In contrast, the proposed ODIN+MC dropout method produces confidence score distributions with markedly improved separability. The confidence scores of known classes form a distinct and narrow peak concentrated around low KL divergence values, exhibiting a slightly long-tailed but asymmetric distribution that remains tightly bounded on the lower end. This right-skewed pattern indicates that most known samples are assigned low divergence values with only a few extending into higher regions, which minimizes overlap with the unknown distribution and facilitates a more stable threshold boundary. Conversely, the confidence scores of the unknown class are more broadly distributed and shifted toward higher divergence regions, leading to minimal overlap with the known-class distribution. This pronounced structural distinction between the two distributions facilitates more stable and reliable threshold determination for novelty detection.
In real-time novelty detection scenarios, a threshold must be determined to decide whether an input belongs to a known or unknown class. In this work, the threshold was selected at the point where FPR@95TPR is minimized, and novelty detection was evaluated using binary and multi-class confusion matrices. The experimental settings specify the novelty label as Cargo, a temperature scaling factor of 100, and an input perturbation magnitude of 0.01. The resulting binary and multi-class confusion matrices for all evaluated methods are presented in Figure 7, illustrating the comparative performance of each approach under these conditions.
Figure 7.
Binary and multi-class confusion matrix across methods: The color intensity reflects the frequency of samples, with darker colors corresponding to higher values.
Although LAE-HI provides strong classification performance for known classes, it entirely fails to identify unknown samples. This indicates that the conventional novelty detection approach is ineffective at correctly classifying unknown inputs as unknown. MC dropout offers enhanced binary-detection performance compared to LAE-HI, increasing the number of unknown samples correctly identified unknown samples from 0 to 129. However, its multi-class accuracy degrades from 0.610 to 0.213, due to the influence of predictive entropy, making it less reliable for distinguishing known classes.

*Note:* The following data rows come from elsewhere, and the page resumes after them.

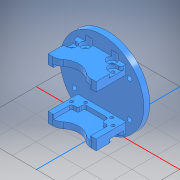
# Autodesk Inventor part: 000.005.005.001 - Основание
Saved by Autodesk Inventor 2022 (Build 260153000, 153)
## iProperties
Created: 2022-12-19
Part Number: 000.005.005.001 - Основание
Material: Пластик АБС
Document SubType Name: Modeling
Designer: Ivan Petrov
Density: 1.06 g/cm^3
Appearance: Голубой
Author: Ivan Petrov
Autodesk Inventor part; units mm, degrees
ref_plane "YZ Plane" through (0, 0, 0) normal (1, 0, 0) x (0, 1, 0)
ref_plane "XZ Plane" through (0, 0, 0) normal (0, 1, 0) x (-1, 0, 0)
ref_plane "XY Plane" through (0, 0, 0) normal (0, 0, 1) x (1, 0, 0)
sketch "Эскиз1" plane through (0, 0, 0) normal (0, 0, 1) x (1, 0, 0)
  circle A0 centre (0, 0) radius 35
  dimension "d7" = 70
  constraints: 1 centre point
  measures "d7" diameter of A0
extrude "Выдавливание1" add sketch "Эскиз1" along normal blind 5
sketch "Эскиз2" plane through (0, 0, 5) normal (0, 0, 1) x (1, 0, 0)
  circle A0 centre (-23, 15) radius 2
  point P0 (0, 0)
  dimension "d4" = 4
  dimension "d5" = 15
  dimension "d6" = 23
  constraints: 1 centre point
  measures "d4" diameter of A0
  measures "d5" vertical distance of A0.centre point (0, 0)
  measures "d6" horizontal distance of point (0, 0) A0.centre
extrude "Выдавливание2" cut sketch "Эскиз2" against normal through all
mirror "Зеркальное отражение1" about plane through (0, 0, 0) normal (0, 1, 0) of "Выдавливание2"
mirror "Зеркальное отражение2" about plane through (0, 0, 0) normal (1, 0, 0) of "Выдавливание2", "Зеркальное отражение1"
sketch "Эскиз9" plane through (0, 0, 5) normal (0, 0, 1) x (1, 0, 0)
  line L0 (20.1, 16) -> (20.1, 13.5) projected
  line L1 (-20.1, 16) -> (-20.1, 13.5) projected
  line L2 (20.1, 16) -> (-20.1, 16)
  line L3 (-20.1, 16) -> (-20.1, 18.6)
  line L4 (-20.1, 18.6) -> (20.1, 18.6)
  line L5 (20.1, 18.6) -> (20.1, 16)
  line L6 (-13, 18.6) -> (13, 18.6)
  point P0 (0, 0)
  constraints: 10 end point, 2 horizontal, 2 parallel, 1 perpendicular, 1 point on line, 2 other
extrude "Выдавливание8" add sketch "Эскиз9" along normal blind 25
sketch "Эскиз10" plane through (0, 0, 5) normal (0, 0, 1) x (1, 0, 0)
  line L0 (20.1, -15.5) -> (20.1, -18) projected
  line L1 (-20.1, -15.5) -> (-20.1, -18) projected
  line L2 (20.1, -18) -> (-20.1, -18)
  line L3 (-20.1, -18) -> (-20.1, -21.5)
  line L4 (-20.1, -21.5) -> (20.1, -21.5)
  line L5 (20.1, -21.5) -> (20.1, -18)
  line L6 (7.6826, -21.5) -> (-7.6826, -21.5) projected
  point P0 (0, 0)
  constraints: 8 end point, 2 parallel, 1 horizontal, 1 perpendicular, 1 point on line
extrude "Выдавливание9" add sketch "Эскиз10" along normal blind 25
sketch "Эскиз11" plane through (-20.1, 18.6, 5) normal (0, 1, 0) x (1, 0, 0)
  arc A0 (0, -52.6766) -> (0.5192, -54.3636) centre (3, -52.6766) ccw
  line L0 (0.5192, -54.3636) -> (4.5047, -60.2246)
  arc A1 (4.5047, -60.2246) -> (6.1586, -61.1) centre (6.1586, -59.1) ccw
  line L1 (7.1, -61.1) -> (6.1586, -61.1)
  arc A2 (5.6, -59.6) -> (7.1, -61.1) centre (7.1, -59.6) ccw
  line L2 (5.6, -6.6) -> (5.6, -59.6)
  arc A3 (6.6, -5.6) -> (5.6, -6.6) centre (6.6, -6.6) ccw
  line L3 (33.6, -5.6) -> (6.6, -5.6)
  arc A4 (34.6, -6.6) -> (33.6, -5.6) centre (33.6, -6.6) ccw
  line L4 (34.6, -59.6) -> (34.6, -6.6)
  arc A5 (33.1, -61.1) -> (34.6, -59.6) centre (33.1, -59.6) ccw
  line L5 (34.0414, -61.1) -> (33.1, -61.1)
  arc A6 (34.0414, -61.1) -> (35.6953, -60.2246) centre (34.0414, -59.1) ccw
  line L6 (35.6953, -60.2246) -> (39.6808, -54.3636)
  arc A7 (39.6808, -54.3636) -> (40.2, -52.6766) centre (37.2, -52.6766) ccw
  line L7 (40.2, -52.6766) -> (40.2, -8.4234)
  arc A8 (40.2, -8.4234) -> (39.6808, -6.7364) centre (37.2, -8.4234) ccw
  line L8 (39.6808, -6.7364) -> (35.9929, -1.3131)
  arc A9 (35.9929, -1.3131) -> (33.5121, 0) centre (33.5121, -3) ccw
  line L9 (33.5121, 0) -> (6.6879, 0)
  arc A10 (6.6879, 0) -> (4.2071, -1.3131) centre (6.6879, -3) ccw
  line L10 (4.2071, -1.3131) -> (0.5192, -6.7364)
  arc A11 (0.5192, -6.7364) -> (0, -8.4234) centre (3, -8.4234) ccw
  line L11 (0, -8.4234) -> (0, -52.6766)
  circle A12 centre (37.4, -52.1) radius 1.35
  circle A13 centre (37.4, -30.1) radius 1.35
  circle A14 centre (31.1, -2.8) radius 1.35
  circle A15 centre (2.8, -52.1) radius 1.35
  circle A16 centre (2.8, -30.1) radius 1.35
  circle A17 centre (9.1, -2.8) radius 1.35
  circle A18 centre (37.4, -8.1) radius 1.35
  circle A19 centre (2.8, -8.1) radius 1.35
  line L12 (7.1, -61.1) -> (33.1, -61.1)
  point P0 (20.1, 5)
  point P1 (20.1, -48.1)
  point P2 (20.1, -48.1)
  constraints: 26 end point, 24 point on circle, 20 centre point
extrude "Выдавливание10" cut sketch "Эскиз11" against normal through all contours A14 | A17 | A18 | A19
sketch "Эскиз12" plane through (-20.1, 18.6, 5) normal (0, 1, 0) x (1, 0, 0)
  arc A0 (0, -52.6766) -> (0.5192, -54.3636) centre (3, -52.6766) ccw
  line L0 (0.5192, -54.3636) -> (4.5047, -60.2246)
  arc A1 (4.5047, -60.2246) -> (6.1586, -61.1) centre (6.1586, -59.1) ccw
  line L1 (7.1, -61.1) -> (6.1586, -61.1)
  arc A2 (5.6, -59.6) -> (7.1, -61.1) centre (7.1, -59.6) ccw
  line L2 (5.6, -6.6) -> (5.6, -59.6)
  arc A3 (6.6, -5.6) -> (5.6, -6.6) centre (6.6, -6.6) ccw
  line L3 (33.6, -5.6) -> (6.6, -5.6)
  arc A4 (34.6, -6.6) -> (33.6, -5.6) centre (33.6, -6.6) ccw
  line L4 (34.6, -59.6) -> (34.6, -6.6)
  arc A5 (33.1, -61.1) -> (34.6, -59.6) centre (33.1, -59.6) ccw
  line L5 (34.0414, -61.1) -> (33.1, -61.1)
  arc A6 (34.0414, -61.1) -> (35.6953, -60.2246) centre (34.0414, -59.1) ccw
  line L6 (35.6953, -60.2246) -> (39.6808, -54.3636)
  arc A7 (39.6808, -54.3636) -> (40.2, -52.6766) centre (37.2, -52.6766) ccw
  line L7 (40.2, -52.6766) -> (40.2, -8.4234)
  arc A8 (40.2, -8.4234) -> (39.6808, -6.7364) centre (37.2, -8.4234) ccw
  line L8 (39.6808, -6.7364) -> (35.9929, -1.3131)
  arc A9 (35.9929, -1.3131) -> (33.5121, 0) centre (33.5121, -3) ccw
  line L9 (33.5121, 0) -> (6.6879, 0)
  arc A10 (6.6879, 0) -> (4.2071, -1.3131) centre (6.6879, -3) ccw
  line L10 (4.2071, -1.3131) -> (0.5192, -6.7364)
  arc A11 (0.5192, -6.7364) -> (0, -8.4234) centre (3, -8.4234) ccw
  line L11 (0, -8.4234) -> (0, -52.6766)
  circle A12 centre (37.4, -52.1) radius 1.35
  circle A13 centre (37.4, -30.1) radius 1.35
  circle A14 centre (31.1, -2.8) radius 1.35
  circle A15 centre (2.8, -52.1) radius 1.35
  circle A16 centre (2.8, -30.1) radius 1.35
  circle A17 centre (9.1, -2.8) radius 1.35
  circle A18 centre (37.4, -8.1) radius 1.35
  circle A19 centre (2.8, -8.1) radius 1.35
  line L12 (7.1, -61.1) -> (33.1, -61.1)
  point P0 (20.1, 5)
  point P1 (20.1, 5)
  point P2 (20.1, -48.1)
  point P3 (20.1, -48.1)
  constraints: 26 end point, 24 point on circle, 20 centre point
extrude "Выдавливание11" cut sketch "Эскиз12" against normal blind 10 contours A2 L2 A3 L3 A4 L4 A5 L12
sketch "Эскиз13" plane through (-20.1, -21.5, 5) normal (0, -1, 0) x (1, 0, 0)
  arc A0 (0.5192, 54.3636) -> (0, 52.6766) centre (3, 52.6766) ccw
  line L0 (0, 8.4234) -> (0, 52.6766)
  arc A1 (0, 8.4234) -> (0.5192, 6.7364) centre (3, 8.4234) ccw
  line L1 (4.2071, 1.3131) -> (0.5192, 6.7364)
  arc A2 (4.2071, 1.3131) -> (6.6879, 0) centre (6.6879, 3) ccw
  line L2 (33.5121, 0) -> (6.6879, 0)
  arc A3 (33.5121, 0) -> (35.9929, 1.3131) centre (33.5121, 3) ccw
  line L3 (39.6808, 6.7364) -> (35.9929, 1.3131)
  arc A4 (39.6808, 6.7364) -> (40.2, 8.4234) centre (37.2, 8.4234) ccw
  line L4 (40.2, 52.6766) -> (40.2, 8.4234)
  arc A5 (40.2, 52.6766) -> (39.6808, 54.3636) centre (37.2, 52.6766) ccw
  line L5 (35.6953, 60.2246) -> (39.6808, 54.3636)
  arc A6 (35.6953, 60.2246) -> (34.0414, 61.1) centre (34.0414, 59.1) ccw
  line L6 (27.75, 61.1) -> (34.0414, 61.1)
  arc A7 (29.25, 59.6) -> (27.75, 61.1) centre (27.75, 59.6) ccw
  line L7 (29.25, 59.6) -> (29.25, 58.1)
  arc A8 (29.25, 58.1) -> (31.6, 55.75) centre (31.6, 58.1) ccw
  line L8 (31.6, 55.75) -> (33.6, 55.75)
  arc A9 (34.6, 54.75) -> (33.6, 55.75) centre (33.6, 54.75) ccw
  line L9 (34.6, 54.75) -> (34.6, 11.95)
  arc A10 (33.6, 10.95) -> (34.6, 11.95) centre (33.6, 11.95) ccw
  line L10 (33.6, 10.95) -> (31.6, 10.95)
  arc A11 (31.6, 10.95) -> (29.25, 8.6) centre (31.6, 8.6) ccw
  line L11 (29.25, 8.6) -> (29.25, 6.6)
  arc A12 (28.25, 5.6) -> (29.25, 6.6) centre (28.25, 6.6) ccw
  line L12 (28.25, 5.6) -> (11.95, 5.6)
  arc A13 (10.95, 6.6) -> (11.95, 5.6) centre (11.95, 6.6) ccw
  line L13 (10.95, 6.6) -> (10.95, 8.6)
  arc A14 (10.95, 8.6) -> (8.6, 10.95) centre (8.6, 8.6) ccw
  line L14 (8.6, 10.95) -> (6.6, 10.95)
  arc A15 (5.6, 11.95) -> (6.6, 10.95) centre (6.6, 11.95) ccw
  line L15 (5.6, 11.95) -> (5.6, 54.75)
  arc A16 (6.6, 55.75) -> (5.6, 54.75) centre (6.6, 54.75) ccw
  line L16 (6.6, 55.75) -> (8.6, 55.75)
  arc A17 (8.6, 55.75) -> (10.95, 58.1) centre (8.6, 58.1) ccw
  line L17 (10.95, 58.1) -> (10.95, 59.6)
  arc A18 (12.45, 61.1) -> (10.95, 59.6) centre (12.45, 59.6) ccw
  line L18 (6.1586, 61.1) -> (12.45, 61.1)
  arc A19 (6.1586, 61.1) -> (4.5047, 60.2246) centre (6.1586, 59.1) ccw
  line L19 (0.5192, 54.3636) -> (4.5047, 60.2246)
  circle A20 centre (37.4, 52.1) radius 1.35
  circle A21 centre (37.4, 30.1) radius 1.35
  circle A22 centre (31.1, 2.8) radius 1.35
  circle A23 centre (2.8, 52.1) radius 1.35
  circle A24 centre (2.8, 30.1) radius 1.35
  circle A25 centre (9.1, 2.8) radius 1.35
  circle A26 centre (37.4, 8.1) radius 1.35
  circle A27 centre (2.8, 8.1) radius 1.35
  circle A28 centre (20.1, 48.1) radius 1.6 projected
  line L20 (12.45, 61.1) -> (27.75, 61.1)
  point P0 (20.1, -5)
  constraints: 42 end point, 40 point on circle, 28 centre point, 1 horizontal
extrude "Выдавливание12" cut sketch "Эскиз13" against normal blind 10 contours L20 A7 L7 A8 L8 A9 L9 A10 L10 A11 L11 A12 L12 A13 L13 A14 L14 A15 L15 A16 L16 A17 L17 A18
offset faces "Размер5" outward -1 faces at (-14.5, 17.7333, 17.7333) (-14.4556, 17.7333, 11.3052) (4.5, 17.7333, 10.6) (14.4309, 16.8667, 11.2347) (14.5, 17.7333, 23.8667) (-2.7167, -20.3333, 10.6) (8.2247, -20.3333, 10.6028) (9.1762, -19.1667, 13.9502) (9.15, -20.3333, 12.2667) (12.1667, -20.3333, 15.95) (14.4888, -19.1667, 16.801) (14.5, -19.1667, 21.3) (-9.1388, -19.1667, 11.451) (-9.15, -20.3333, 12.9333) (-11.1498, -19.1667, 15.9238) (-12.8333, -19.1667, 15.95) (-14.1802, -19.1667, 16.2169) (-14.5, -20.3333, 25.65)
sketch "Эскиз14" plane through (-20.1, -21.5, 5) normal (0, -1, 0) x (1, 0, 0)
  line L0 (35.6, 25) -> (35.6, 11.95) projected
  arc A0 (33.6, 9.95) -> (35.6, 11.95) centre (33.6, 11.95) ccw projected
  line L1 (33.6, 9.95) -> (31.6, 9.95) projected
  arc A1 (31.6, 9.95) -> (30.25, 8.6) centre (31.6, 8.6) ccw projected
  line L2 (30.25, 8.6) -> (30.25, 6.6) projected
  arc A2 (28.25, 4.6) -> (30.25, 6.6) centre (28.25, 6.6) ccw projected
  line L3 (28.25, 4.6) -> (11.95, 4.6) projected
  arc A3 (9.95, 6.6) -> (11.95, 4.6) centre (11.95, 6.6) ccw projected
  line L4 (9.95, 6.6) -> (9.95, 8.6) projected
  arc A4 (9.95, 8.6) -> (8.6, 9.95) centre (8.6, 8.6) ccw projected
  line L5 (8.6, 9.95) -> (6.6, 9.95) projected
  arc A5 (4.6, 11.95) -> (6.6, 9.95) centre (6.6, 11.95) ccw projected
  line L6 (4.6, 11.95) -> (4.6, 25) projected
  line L7 (0, 25) -> (4.6, 25) projected
  line L8 (0, 0) -> (0, 25) projected
  line L9 (40.2, 0) -> (0, 0) projected
  line L10 (40.2, 0) -> (40.2, 25) projected
  line L11 (35.6, 25) -> (40.2, 25) projected
  circle A6 centre (37.4, 8.1) radius 1.35 projected
  circle A7 centre (2.8, 8.1) radius 1.35 projected
  circle A8 centre (31.1, 2.8) radius 1.35 projected
  circle A9 centre (9.1, 2.8) radius 1.35 projected
  line L12 (4.6, 6.6) -> (4.6, 25) projected
  line L13 (4.6, 25) -> (36.05, 25)
  point P0 (20.1, -5)
  constraints: 2 end point, 1 point on line
extrude "Выдавливание13" add sketch "Эскиз14" along normal blind 5
sketch "Эскиз15" plane through (-20.1, 18.6, 5) normal (0, 1, 0) x (1, 0, 0)
  line L0 (4.6, -25) -> (4.6, -6.6) projected
  arc A0 (6.6, -4.6) -> (4.6, -6.6) centre (6.6, -6.6) ccw projected
  line L1 (6.6, -4.6) -> (33.6, -4.6) projected
  arc A1 (35.6, -6.6) -> (33.6, -4.6) centre (33.6, -6.6) ccw projected
  line L2 (35.6, -6.6) -> (35.6, -25) projected
  line L3 (40.2, -25) -> (35.6, -25) projected
  line L4 (40.2, 0) -> (40.2, -25) projected
  line L5 (0, 0) -> (40.2, 0) projected
  line L6 (0, 0) -> (0, -25) projected
  line L7 (4.6, -25) -> (0, -25) projected
  circle A2 centre (37.4, -8.1) radius 1.35 projected
  circle A3 centre (2.8, -8.1) radius 1.35 projected
  circle A4 centre (31.1, -2.8) radius 1.35 projected
  circle A5 centre (9.1, -2.8) radius 1.35 projected
  line L8 (35.6, -25) -> (4.6, -25)
  line L9 (40.2, -25) -> (0, -25) projected
  point P0 (20.1, 5)
  constraints: 2 end point, 1 collinear
extrude "Выдавливание14" add sketch "Эскиз15" along normal blind 5
sketch "Эскиз16" plane through (-20.1, 23.6, 5) normal (0, 1, 0) x (1, 0, 0)
  circle A0 centre (37.4, -8.1) radius 1.35 projected
  circle A1 centre (37.4, -8.1) radius 4
  circle A2 centre (31.1, -2.8) radius 1.35 projected
  circle A3 centre (31.1, -2.8) radius 4
  circle A4 centre (2.8, -8.1) radius 1.35 projected
  circle A5 centre (2.8, -8.1) radius 4
  circle A6 centre (9.1, -2.8) radius 1.35 projected
  circle A7 centre (9.1, -2.8) radius 4
  point P0 (20.1, 5)
  dimension "d51" = 8
  dimension "d52" = 8
  dimension "d53" = 8
  dimension "d54" = 8
  constraints: 4 centre point, 4 coincident
  measures "d51" diameter of A1
  measures "d52" diameter of A3
  measures "d53" diameter of A5
  measures "d54" diameter of A7
extrude "Выдавливание15" cut sketch "Эскиз16" along normal blind 4.5 and the other way blind 3 contours A0 | A1 | A2 | A3 | A4 | A5 | A6 | A7
fillet "Сопряжение3" radius 2 4 edges at (20.1, 22.1, 15.9566) (20.1, 22.1, 10.2434) (-20.1, 22.1, 15.9566) (-20.1, 22.1, 10.2434)
sketch "Эскиз17" plane through (-20.1, -26.5, 5) normal (0, -1, 0) x (1, 0, 0)
  circle A0 centre (2.8, 8.1) radius 1.35 projected
  circle A1 centre (2.8, 8.1) radius 4
  circle A2 centre (9.1, 2.8) radius 1.35 projected
  circle A3 centre (9.1, 2.8) radius 4
  circle A4 centre (31.1, 2.8) radius 1.35 projected
  circle A5 centre (31.1, 2.8) radius 4
  circle A6 centre (37.4, 8.1) radius 1.35 projected
  circle A7 centre (37.4, 8.1) radius 4
  point P0 (20.1, -5)
  dimension "d60" = 8
  dimension "d61" = 8
  dimension "d62" = 8
  dimension "d63" = 8
  constraints: 4 centre point, 4 coincident
  measures "d60" diameter of A1
  measures "d61" diameter of A3
  measures "d62" diameter of A5
  measures "d63" diameter of A7
extrude "Выдавливание16" cut sketch "Эскиз17" along normal blind 4.5 and the other way blind 3 contours A0 | A1 | A2 | A3 | A4 | A5 | A6 | A7
fillet "Сопряжение4" radius 2 4 edges at (20.1, -25, 15.9566) (20.1, -25, 10.2434) (-20.1, -25, 10.2434) (-20.1, -25, 15.9566)
sketch "Эскиз18" plane through (-20.1, 23.6, 5) normal (0, 1, 0) x (1, 0, 0)
  line L0 (35.6, -25) -> (4.6, -25) projected
  arc A0 (31.9916, -25) -> (8.2084, -25) centre (20.1, -34.5388) ccw
  line L1 (20.1, 5) -> (20.1, -9.2015) construction
  constraints: 2 end point, 2 point on circle, 2 point on line, 1 centre point, 1 symmetric about line, 1 vertical, 1 vertical alignment
extrude "Выдавливание17" cut sketch "Эскиз18" against normal through all
fillet "Сопряжение5" radius 10.75 4 edges at (-11.8916, 21.1, 30) (11.8916, 21.1, 30) (-11.8916, -24, 30) (11.8916, -24, 30)

MSP, which relies on softmax confidence, achieves a reasonable level of multi-class accuracy (0.768) while improving unknown detection, but it still misclassifies a noticeable proportion of known samples as unknown, resulting in a binary accuracy of 0.801 and limiting its reliability. ODIN achieves slightly higher binary accuracy (0.807) but lower multi-class accuracy (0.763), indicating that it is more conservative in labeling inputs as unknown. Finally, the proposed MC dropout+ODIN approach integrates the strengths of both uncertainty estimation and calibrated softmax responses, achieving the best performance across all metrics. It not only achieves the highest binary accuracy (0.844) and F1 score (0.906) for unknown detection but also maintains strong classification performance for known classes, as evidenced by the multi-class accuracy of 0.838. These results confirm that the proposed method offers the most balanced and robust performance for novelty detection and accurate classification of known classes.
5.1. Analysis of ODIN Effect
This subsection examines the influence of ODIN calibration on enhancing novelty detection within the proposed framework. To isolate the effect of each component, the temperature parameter and perturbation magnitude are varied independently, and their impact on the separability between known and unknown softmax distributions is analyzed. This ablation study evaluates the individual contributions of temperature scaling and input perturbation to confidence calibration and class separability, as well as their combined effect on the performance of divergence-based novelty scoring.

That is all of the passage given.